# IMAP lagging

## mope

Both sylpheed and evolution lag when I open them. They also are really slow when I do anything like open an email or delete an email.

I have no idea where to go with this. I found this discussion with no resolution:

http://www.tmtm.org/cgi-bin/w3ml/sylpheed/msg/16580

I read through many googled results on 'evolution lag gnome' (evolution w/o gnome produces too many scientific hits to be meaningful) but didn't find a solution.

----------

## mope

wow, what's everyone using for IMAP? No one is experiencing this issue--I wonder if it's my configuration.

----------

## asimon

There are big performance differences for the various imap servers.

A year ago I used courier-imap. But with various mail folders from mailing lists which contained at that time around 30.000 mails, courier-imap was getting too slow to work with. Changing to an other folder in kmail took around 10 secounds alone. All operations were very slow. Reading mails was a pain because it took several seconds until a selected mail was shown. Of course I also tested it with Mozilla and evolution to check if the bottleneck was kmail, but all operations were slow with all mail clients.

At that time I changed to cyrus-imap. After that change everything was fast. The difference in performance was quite astonishing. But configuring cyrus-imapd can be a pain. Today I use dovecot which is quite easy to setup and as fast as cyrus-imapd, but hasn't all the features of cyrus, but it's enough for me. The author stated in the mailinglist that the development version (which I don't use, I stick with the last stable release) is actually even faster then cyrus-imapd. There are ebuilds for dovecot in bugzilla, and ebuilds for cyrus are in Portage.

The filesystem can have a perceivable performance impact too when it comes to mails. I use maildir format, i.e. many many tiny files. For this reiserfs seems the best choise performance wise. The mbox format is generally super slow when it comes to deleting and moving mails. maildir is generally much faster then mbox.

But if your mailboxes don't contain thousands of mails it shouldn't be a problem in regard to performance. Then I would suppose that your bottleneck lies somewhere else.

----------

## mope

Thank you for your reply.

I only have about 10 emails, LOL--I'm a very popular person!

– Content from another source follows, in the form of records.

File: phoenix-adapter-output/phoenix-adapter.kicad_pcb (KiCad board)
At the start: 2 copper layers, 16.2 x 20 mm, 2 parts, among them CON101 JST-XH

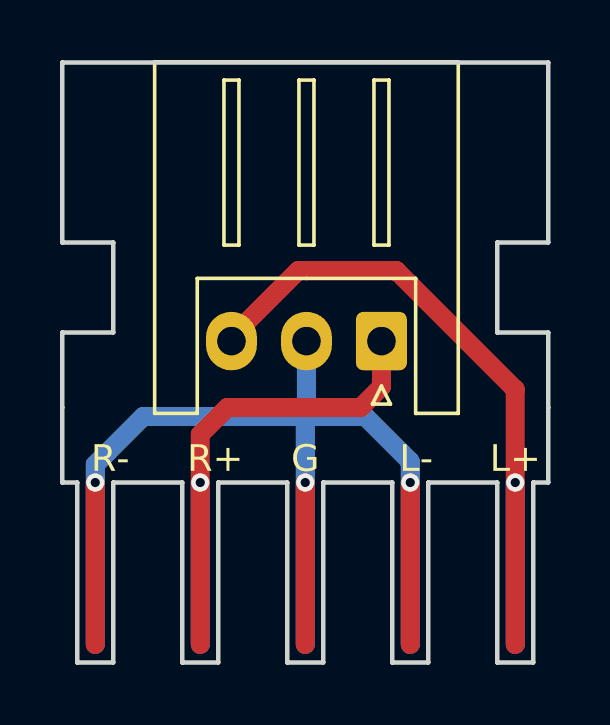
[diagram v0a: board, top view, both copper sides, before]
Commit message: added panel
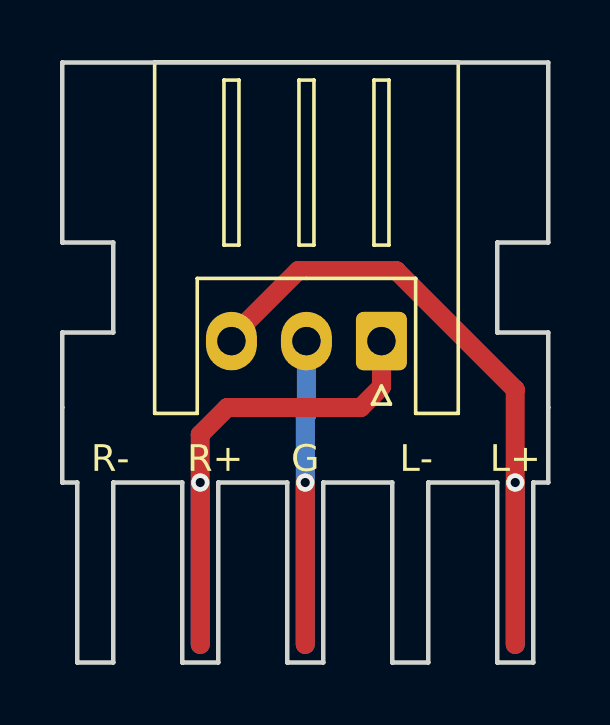
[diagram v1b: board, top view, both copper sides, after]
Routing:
- net GND: track 50.2 -> 15.5 mm, vias 3 -> 1
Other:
- board text added: "Output"
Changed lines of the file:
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@@
   (general
     (thickness 1.6)
-    (drawings 40)
-    (tracks 37)
+    (drawings 41)
+    (tracks 23)
     (zones 0)
     (modules 2)
@@
     )
   )
+  (gr_text Output (at 136.652 109.474) (layer B.SilkS)
+    (effects (font (size 1 1) (thickness 0.25)) (justify mirror))
+  )
   (gr_text db-electronics.ca (at 141.4 111.9) (layer B.SilkS)
     (effects (font (size 0.889 0.889) (thickness 0.2032)) (justify mirror))
@@
   (gr_line (start 131.6 113.3) (end 133.3 113.3) (layer Edge.Cuts) (width 0.15))
   (gr_line (start 131.6 107.3) (end 131.6 113.3) (layer Edge.Cuts) (width 0.15))
-  (segment (start 143.2 121.3) (end 143.2 126.7) (width 0.635) (layer F.Cu) (net 1))
-  (segment (start 143.2 121.3) (end 143.2 126.7) (width 0.635) (layer B.Cu) (net 1))
-  (segment (start 143.2 120.6) (end 143.2 121.3) (width 0.635) (layer B.Cu) (net 1))
-  (via (at 143.2 121.3) (size 0.6096) (drill 0.3048) (layers F.Cu B.Cu) (net 1))
   (segment (start 139.7 121.3) (end 139.7 126.7) (width 0.635) (layer F.Cu) (net 1))
   (segment (start 139.7 121.3) (end 139.7 126.7) (width 0.635) (layer B.Cu) (net 1))
   (segment (start 139.7 120.3) (end 139.7 121.3) (width 0.635) (layer B.Cu) (net 1))
   (via (at 139.7 121.3) (size 0.6096) (drill 0.3048) (layers F.Cu B.Cu) (net 1))
-  (segment (start 132.7 121.3) (end 132.7 126.7) (width 0.635) (layer F.Cu) (net 1))
-  (segment (start 132.7 121.3) (end 132.7 126.7) (width 0.635) (layer B.Cu) (net 1))
-  (segment (start 132.7 120.7) (end 132.7 121.3) (width 0.635) (layer B.Cu) (net 1))
-  (via (at 132.7 121.3) (size 0.6096) (drill 0.3048) (layers F.Cu B.Cu) (net 1))
-  (segment (start 142.9 120.3) (end 141.7 119.1) (width 0.635) (layer B.Cu) (net 1))
-  (segment (start 141.7 119.1) (end 139.7 119.1) (width 0.635) (layer B.Cu) (net 1))
   (segment (start 139.7 119.1) (end 139.7 120.3) (width 0.635) (layer B.Cu) (net 1))
-  (segment (start 133.1 120.3) (end 134.3 119.1) (width 0.635) (layer B.Cu) (net 1))
-  (segment (start 134.3 119.1) (end 139.7 119.1) (width 0.635) (layer B.Cu) (net 1))
-  (segment (start 133.1 120.3) (end 132.7 120.7) (width 0.635) (layer B.Cu) (net 1))
-  (segment (start 142.9 120.3) (end 143.2 120.6) (width 0.635) (layer B.Cu) (net 1))
   (segment (start 139.74 119.06) (end 139.74 116.586) (width 0.635) (layer B.Cu) (net 1))
   (segment (start 139.7 119.1) (end 139.74 119.06) (width 0.635) (layer B.Cu) (net 1))
@@
     (polygon
       (pts
-        (xy 132.1 122.3) (xy 132.1 127.3) (xy 133.3 127.3) (xy 133.3 122.3)
-      )
-    )
-  )
-  (zone (net 0) (net_name "") (layer F.Mask) (hatch edge 0.508)
-    (connect_pads (clearance 0.508))
-    (min_thickness 0.254)
-    (fill yes (arc_segments 16) (thermal_gap 0.508) (thermal_bridge_width 0.508))
-    (polygon
-      (pts
         (xy 135.6 122.3) (xy 135.6 127.3) (xy 136.8 127.3) (xy 136.8 122.3)
       )
@@
     (polygon
       (pts
-        (xy 142.6 122.3) (xy 142.6 127.3) (xy 143.8 127.3) (xy 143.8 122.3)
-      )
-    )
-  )
-  (zone (net 0) (net_name "") (layer F.Mask) (hatch edge 0.508)
-    (connect_pads (clearance 0.508))
-    (min_thickness 0.254)
-    (fill yes (arc_segments 16) (thermal_gap 0.508) (thermal_bridge_width 0.508))
-    (polygon
-      (pts
         (xy 146.1 122.3) (xy 146.1 127.3) (xy 147.3 127.3) (xy 147.3 122.3)
-      )
-    )
-  )
-  (zone (net 0) (net_name "") (layer B.Mask) (hatch edge 0.508)
-    (connect_pads (clearance 0.508))
-    (min_thickness 0.254)
-    (fill yes (arc_segments 16) (thermal_gap 0.508) (thermal_bridge_width 0.508))
-    (polygon
-      (pts
-        (xy 132.1 122.3) (xy 132.1 127.3) (xy 133.3 127.3) (xy 133.3 122.3)
       )
     )
@@
       )
     )
-  )
-  (zone (net 0) (net_name "") (layer B.Mask) (hatch edge 0.508)
-    (connect_pads (clearance 0.508))
-    (min_thickness 0.254)
-    (fill yes (arc_segments 16) (thermal_gap 0.508) (thermal_bridge_width 0.508))
-    (polygon
-      (pts
-        (xy 142.6 122.3) (xy 142.6 127.3) (xy 143.8 127.3) (xy 143.8 122.3)
-      )
-    )

I just configured my last school's account to see if it was the server but that one was slow too. I am actually on the intranet so I can't see how it would be the connection. I'm wondering if something to do with my network configuration could be messing things up if I have my NIC configured incorrectly--although everything else seems to work fine.

Both evolution and sylpheed lag when I open them and freeze every minute when they check the server. They both take an incredible amount of time to display the message when I simply select an email. In fact, they app goes blank (like a program that is frozen in windows but still showing on the screen except that you can't read anything).

For some reason I can't delete any of my emails or flag them correctly. At first I thought it was the server but now that I have added the second IMAP account and it won't flag them either, I'm thinking something must be seriously wrong with whatever controls IMAP on my machine--if that is even the case. I'm 'emerging evolution sylpheed -eD' right now to determine if something within some code somewhere is awry. Is that even a possiblity or is all IMAP implementation within the code of each application?

I'm leaning towards their being a common package that could be at fault because I'm getting the same behavior across all clients--even KMail. Do you think I'm on the right track?

----------

## Janne Pikkarainen

What if you telnet to your mail server like this:

telnet mailserver 143

<wait for response>

a login youraccount yourpassword

<wait for response>

a select INBOX

... is that sluggish, too?

----------

## mope

#telnet <server> 143

didn't do anything for me (command not found).

So I ran a search and emerged putty. I can telnet to my server and also ssh. Both don't appear to be sluggish.

I use M2 in opera and that doesn't seem to be having a problem either. I am currently using kde, btw.

----------

## honold

well, the openbsd port compiles in kerberos support by default.  if the public inet kerberos servers aren't available when a client connects, it results in a very laggy imap session.  the gentoo port doesn't do the same, does it?

----------

## Janne Pikkarainen

mope: Another idea: snoop with ethereal and see from the log what's the point when everything stalls.

----------

## mope

Janne,

Could you please explain what you mean? I've only been using gentoo for a short while.

----------

## Janne Pikkarainen

Ethereal is a graphical tool for following your network traffic. It has a console-based counterpart, tethereal, but stick to Ethereal this time since it has relatively easy GUI. 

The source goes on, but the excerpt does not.